** Opening Input records block **
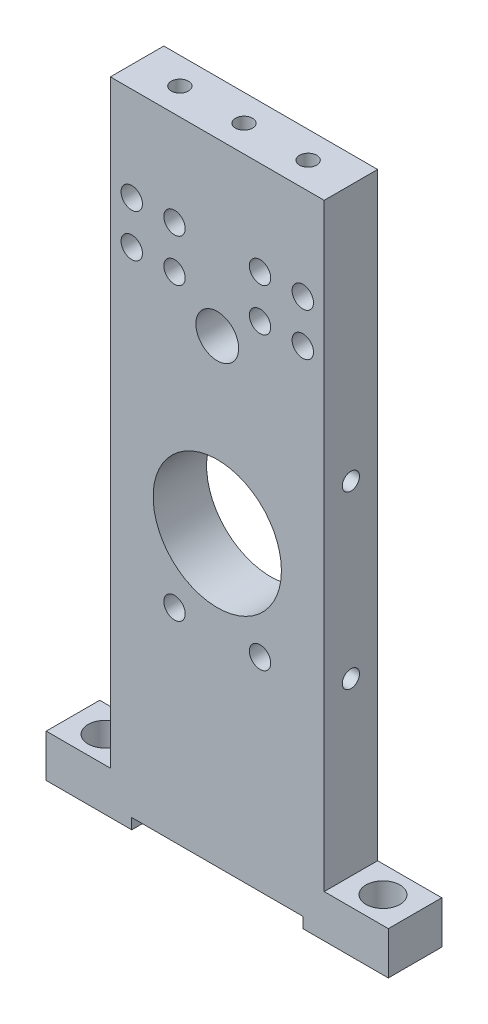
SolidWorks part; units mm, degrees
material "6061 Alloy"
ref_plane "Front Plane" through (0, 0, 0) normal (0, 0, 1) x (1, 0, 0)
ref_plane "Top Plane" through (0, 0, 0) normal (0, 1, 0) x (1, 0, 0)
ref_plane "Right Plane" through (0, 0, 0) normal (1, 0, 0) x (0, 0, -1)
sketch "Sketch1" plane through (0, 0, 0) normal (0, 1, 0) x (1, 0, 0)
  line L1 (-50.8, 7.9375) -> (50.8, 7.9375)
  line L2 (-50.8, 7.9375) -> (-50.8, -7.9375)
  line L3 (-50.8, -7.9375) -> (50.8, -7.9375)
  line L4 (50.8, 7.9375) -> (50.8, -7.9375)
  dimension "D1" = 7.9375
  dimension "D2" = 7.9375
  dimension "D3" = 50.8
  dimension "D4" = 50.8
extrude "Boss-Extrude1" add sketch "Sketch1" along normal blind 190.5
sketch "Sketch2" plane through (0, 0, 7.9375) normal (0, 0, 1) x (1, 0, 0)
  line L0 (-50.8, 0) -> (50.8, 0) construction
  line L1 (-50.8, 190.5) -> (-31.75, 190.5)
  line L2 (-50.8, 190.5) -> (-50.8, 12.7)
  line L3 (-50.8, 12.7) -> (-31.75, 12.7)
  line L4 (-31.75, 190.5) -> (-31.75, 12.7)
  line L5 (50.8, 190.5) -> (31.75, 190.5)
  line L6 (50.8, 190.5) -> (50.8, 12.7)
  line L7 (50.8, 12.7) -> (31.75, 12.7)
  line L8 (31.75, 190.5) -> (31.75, 12.7)
  dimension "D1" = 19.05
  dimension "D2" = 19.05
  dimension "D3" = 12.7
  dimension "D4" = 12.7
extrude "Cut-Extrude1" cut sketch "Sketch2" against normal up to next
sketch "Sketch4" plane through (0, 0, 7.9375) normal (0, 0, 1) x (1, 0, 0)
  line L0 (-50.8, 0) -> (50.8, 0) construction
  line L1 (-25.4, 0) -> (25.4, 0)
  line L2 (-25.4, 0) -> (-25.4, 3.175)
  line L3 (-25.4, 3.175) -> (25.4, 3.175)
  line L4 (25.4, 0) -> (25.4, 3.175)
  line L5 (-50.8, 12.7) -> (-50.8, 0) construction
  line L6 (50.8, 12.7) -> (50.8, 0) construction
  dimension "D1" = 25.4
  dimension "D2" = 25.4
  dimension "D3" = 3.175
extrude "Cut-Extrude2" cut sketch "Sketch4" against normal up to next
hole_wizard "3/8 Clearance Hole1" positions "Sketch8" profile "Sketch7" hole size "3/8" standard "ANSI Inch"
sketch "Sketch8" plane through (0, 12.7, 0) normal (0, 1, 0) x (-1, 0, 0)
  line L0 (-50.8, -7.9375) -> (-50.8, 7.9375) construction
  line L1 (50.8, -7.9375) -> (50.8, 7.9375) construction
  point P0 (41.275, 0)
  point P2 (-41.275, 0)
  dimension "D1" = 9.525
  dimension "D2" = 9.525
sketch "Sketch7" plane through (-41.275, 12.7, 0) normal (1, 0, 0) x (0, 0, 1)
  line L0 (0, 0) -> (0, 41.6375)
  line L1 (0, 41.6375) -> (5.0419, 38.608)
  line L2 (5.0419, 38.608) -> (5.0419, 0)
  line L5 (5.0419, 0) -> (0, 0)
  line L10 (0, 41.6375) -> (-5.0419, 38.608) construction
  line L11 (0, -6.35) -> (0, 107.95) construction
  dimension "Hole Dia." = 10.0838
  dimension "Hole Depth" = 38.608
  dimension "Drill Angle" = 118
hole_wizard "1/4 (0.25) Diameter Hole2" positions "Sketch10" profile "Sketch9" hole size "1/4" standard "ANSI Inch" end condition up to next
sketch "Sketch10" plane through (0, 0, 7.9375) normal (0, 0, 1) x (1, 0, 0)
  line L1 (25.4, 0) -> (50.8, 0) construction
  point P4 (12.7, 149.86)
  point P6 (25.4, 149.86)
  dimension "D2" = 149.86
  dimension "D3" = 12.7
  dimension "D4" = 12.7
sketch "Sketch9" plane through (12.7, 149.86, 7.9375) normal (1, 0, 0) x (0, -1, 0)
  line L0 (0, 0) -> (0, 15.876)
  line L1 (0, 15.876) -> (3.175, 15.876)
  line L2 (3.175, 15.876) -> (3.175, 0)
  line L5 (3.175, 0) -> (0, 0)
  line L11 (0, -6.35) -> (0, 107.95) construction
  dimension "Thru Hole Dia." = 6.35
  dimension "Thru Hole Depth" = 15.876
sketch "Sketch11" plane through (0, 0, 7.9375) normal (0, 0, 1) x (1, 0, 0)
  circle A0 centre (0, 88.9) radius 19.05
  dimension "D1" = 88.9
  dimension "D2" = 38.1
extrude "Cut-Extrude3" cut sketch "Sketch11" against normal up to next
hole_wizard "1/4-20 Tapped Hole2" positions "Sketch13" profile "Sketch12" tap size "1/4-20" standard "ANSI Inch"
sketch "Sketch13" plane through (0, 190.5, 0) normal (0, 1, 0) x (1, 0, 0)
  point P0 (-19.05, 0)
  point P2 (19.05, 0)
  point P6 (0, 0)
  dimension "D1" = 19.05
  dimension "D2" = 19.05
sketch "Sketch12" plane through (-19.05, 190.5, 0) normal (1, 0, 0) x (0, 0, 1)
  line L0 (0, 0) -> (0, 20.0758)
  line L1 (0, 20.0758) -> (2.5527, 18.542)
  line L2 (2.5527, 18.542) -> (2.5527, 0)
  line L5 (2.5527, 0) -> (0, 0)
  line L10 (0, 20.0758) -> (-2.5527, 18.542) construction
  line L11 (0, -6.35) -> (0, 107.95) construction
  dimension "Tap Drill Dia." = 5.1054
  dimension "Tap Drill Depth" = 18.542
  dimension "Drill Angle" = 118
cosmetic thread "Hole Thread5" parameters "D1"=12.192, "D2"=6.35
cosmetic thread "Hole Thread6" parameters "D1"=12.192, "D2"=6.35
cosmetic thread "Hole Thread7" parameters "D1"=12.192, "D2"=6.35
pattern_linear "LPattern1" count 2 spacing 12.7 along (0, 1, 0) of "1/4 (0.25) Diameter Hole2"
hole_wizard "1/4 (0.25) Diameter Hole1" positions "Sketch15" profile "Sketch14" hole size "1/4" standard "ANSI Inch"
sketch "Sketch15" plane through (0, 0, 7.9375) normal (0, 0, 1) x (1, 0, 0)
  point P0 (-12.7, 63.5)
  point P2 (12.7, 63.5)
  dimension "D1" = 12.7
  dimension "D2" = 12.7
  dimension "D3" = 63.5
sketch "Sketch14" plane through (-12.7, 63.5, 7.9375) normal (1, 0, 0) x (0, -1, 0)
  line L0 (0, 0) -> (0, 40.5157)
  line L1 (0, 40.5157) -> (3.175, 38.608)
  line L2 (3.175, 38.608) -> (3.175, 0)
  line L5 (3.175, 0) -> (0, 0)
  line L10 (0, 40.5157) -> (-3.175, 38.608) construction
  line L11 (0, -6.35) -> (0, 107.95) construction
  dimension "Hole Dia." = 6.35
  dimension "Hole Depth" = 38.608
  dimension "Drill Angle" = 118
hole_wizard "1/4-20 Tapped Hole3" positions "Sketch18" profile "Sketch17" tap size "1/4-20" standard "ANSI Inch"
sketch "Sketch18" plane through (31.75, 0, 0) normal (1, 0, 0) x (0, 0, -1)
  line L1 (-7.9375, 0) -> (7.9375, 0) construction
  point P4 (0, 114.3)
  point P10 (0, 63.5)
  dimension "D4" = 63.5
sketch "Sketch17" plane through (31.75, 114.3, 0) normal (0, 1, 0) x (0, 0, -1)
  line L0 (0, 0) -> (0, 20.0758)
  line L1 (0, 20.0758) -> (2.5527, 18.542)
  line L2 (2.5527, 18.542) -> (2.5527, 0)
  line L5 (2.5527, 0) -> (0, 0)
  line L10 (0, 20.0758) -> (-2.5527, 18.542) construction
  line L11 (0, -6.35) -> (0, 107.95) construction
  dimension "Tap Drill Dia." = 5.1054
  dimension "Tap Drill Depth" = 18.542
  dimension "Drill Angle" = 118
cosmetic thread "Hole Thread8" parameters "D1"=12.192, "D2"=6.35
cosmetic thread "Hole Thread9" parameters "D1"=12.192, "D2"=6.35
mirror "Mirror2" about plane through (0, 0, 0) normal (1, 0, 0) of "1/4-20 Tapped Hole3"
sketch "Sketch19" plane through (0, 0, 7.9375) normal (0, 0, 1) x (1, 0, 0)
  line L0 (25.4, 0) -> (50.8, 0) construction
  circle A0 centre (0, 139.7) radius 6.35
  dimension "D1" = 139.7
extrude "Cut-Extrude4" cut sketch "Sketch19" against normal up to next
mirror "Mirror3" about plane through (0, 0, 0) normal (1, 0, 0) of "LPattern1", "1/4 (0.25) Diameter Hole2"
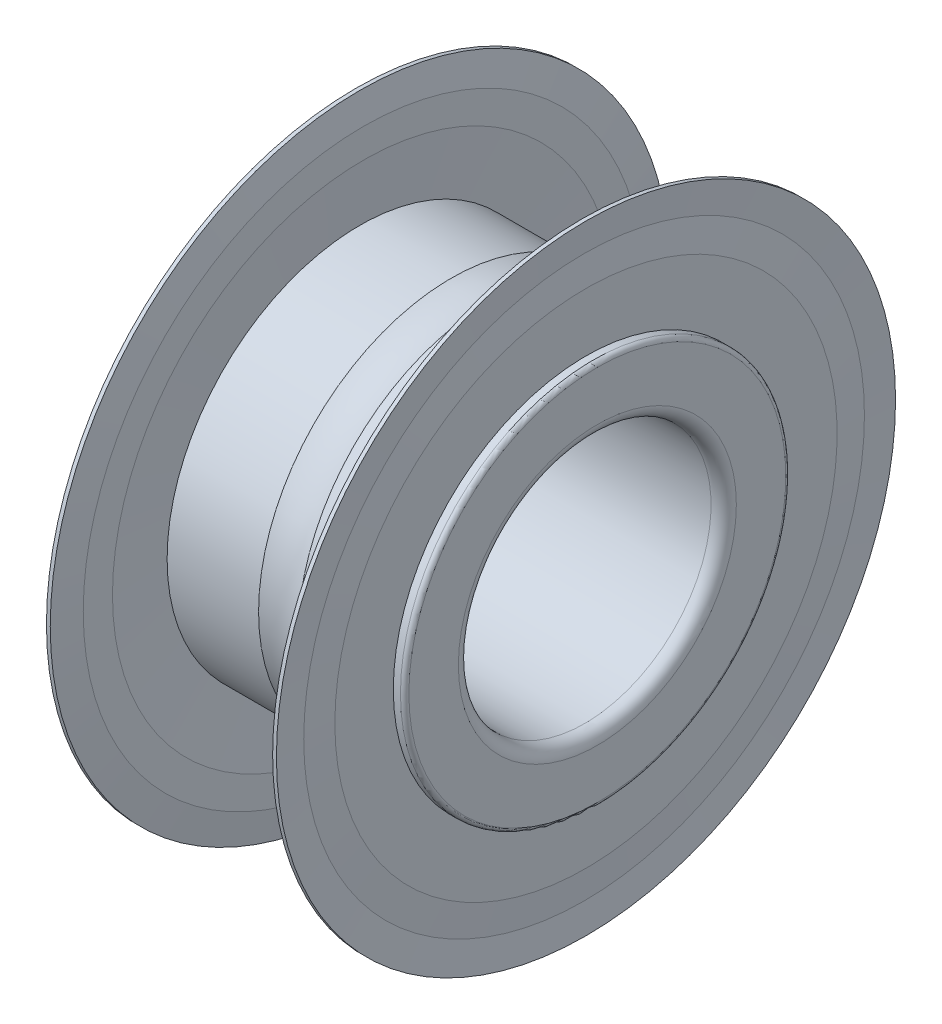
SolidWorks part; units mm, degrees
ref_plane "Ebene vorne" through (0, 0, 0) normal (0, 0, 1) x (1, 0, 0)
ref_plane "Ebene oben" through (0, 0, 0) normal (0, 1, 0) x (1, 0, 0)
ref_plane "Ebene rechts" through (0, 0, 0) normal (1, 0, 0) x (0, 0, -1)
ref_plane "Plane1" through (0, 0, 0) normal (0, 0, 1) x (1, 0, 0)
sketch "Sketch1" plane through (0, 0, 0) normal (0, 0, 1) x (1, 0, 0)
  line L0 (0, 2.9833) -> (0, 2.2)
  line L1 (0.2, 2) -> (3.8, 2)
  line L2 (4, 2.2) -> (4, 2.9833)
  line L3 (3.9333, 3.05) -> (2.3122, 3.05)
  line L4 (1.6878, 3.05) -> (0.0667, 3.05)
  line L5 (50, 0) -> (-50, 0) construction
  arc A0 (0, 2.2) -> (0.2, 2) centre (0.2, 2.2) ccw
  arc A1 (3.8, 2) -> (4, 2.2) centre (3.8, 2.2) ccw
  arc A2 (4, 2.9833) -> (3.9333, 3.05) centre (3.9333, 2.9833) ccw
  arc A3 (2.3122, 3.05) -> (1.6878, 3.05) centre (2, 4) cw
  arc A4 (0.0667, 3.05) -> (0, 2.9833) centre (0.0667, 2.9833) ccw
revolve "Revolve1" add sketch "Sketch1" angle 360 about L5
ref_plane "Plane2" through (0, 0, 0) normal (0, 0, 1) x (1, 0, 0)
sketch "Sketch2" plane through (0, 0, 0) normal (0, 0, 1) x (1, 0, 0)
  line L0 (0.18, 4.9) -> (0.21, 4.4375)
  line L1 (0.21, 4.4375) -> (0.18, 3.975)
  line L2 (0.18, 3.975) -> (0.18, 3.05)
  line L3 (0.18, 3.05) -> (0.24, 3.05)
  line L4 (0.24, 3.05) -> (0.3, 3.975)
  line L5 (0.3, 3.975) -> (0.3, 4.4375)
  line L6 (0.3, 4.4375) -> (0.24, 4.9)
  line L7 (0.24, 4.9) -> (0.18, 4.9)
  line L8 (50, 0) -> (-50, 0) construction
revolve "Revolve2" add sketch "Sketch2" angle 360 about L8
ref_plane "Plane3" through (0, 0, 0) normal (0, 0, 1) x (1, 0, 0)
sketch "Sketch3" plane through (0, 0, 0) normal (0, 0, 1) x (1, 0, 0)
  line L0 (3.7, 4.4375) -> (3.7, 3.975)
  line L1 (3.7, 3.975) -> (3.76, 3.05)
  line L2 (3.76, 3.05) -> (3.82, 3.05)
  line L3 (3.82, 3.05) -> (3.82, 3.975)
  line L4 (3.82, 3.975) -> (3.79, 4.4375)
  line L5 (3.79, 4.4375) -> (3.82, 4.9)
  line L6 (3.82, 4.9) -> (3.76, 4.9)
  line L7 (3.76, 4.9) -> (3.7, 4.4375)
  line L8 (50, 0) -> (-50, 0) construction
revolve "Revolve3" add sketch "Sketch3" angle 360 about L8
** Closing Input records block **
▶ Problem statement
Would you please copy all lines in the data that contain the word "Ebene"?

▶ Exercise result
ref_plane "Ebene vorne" through (0, 0, 0) normal (0, 0, 1) x (1, 0, 0)
ref_plane "Ebene oben" through (0, 0, 0) normal (0, 1, 0) x (1, 0, 0)
ref_plane "Ebene rechts" through (0, 0, 0) normal (1, 0, 0) x (0, 0, -1)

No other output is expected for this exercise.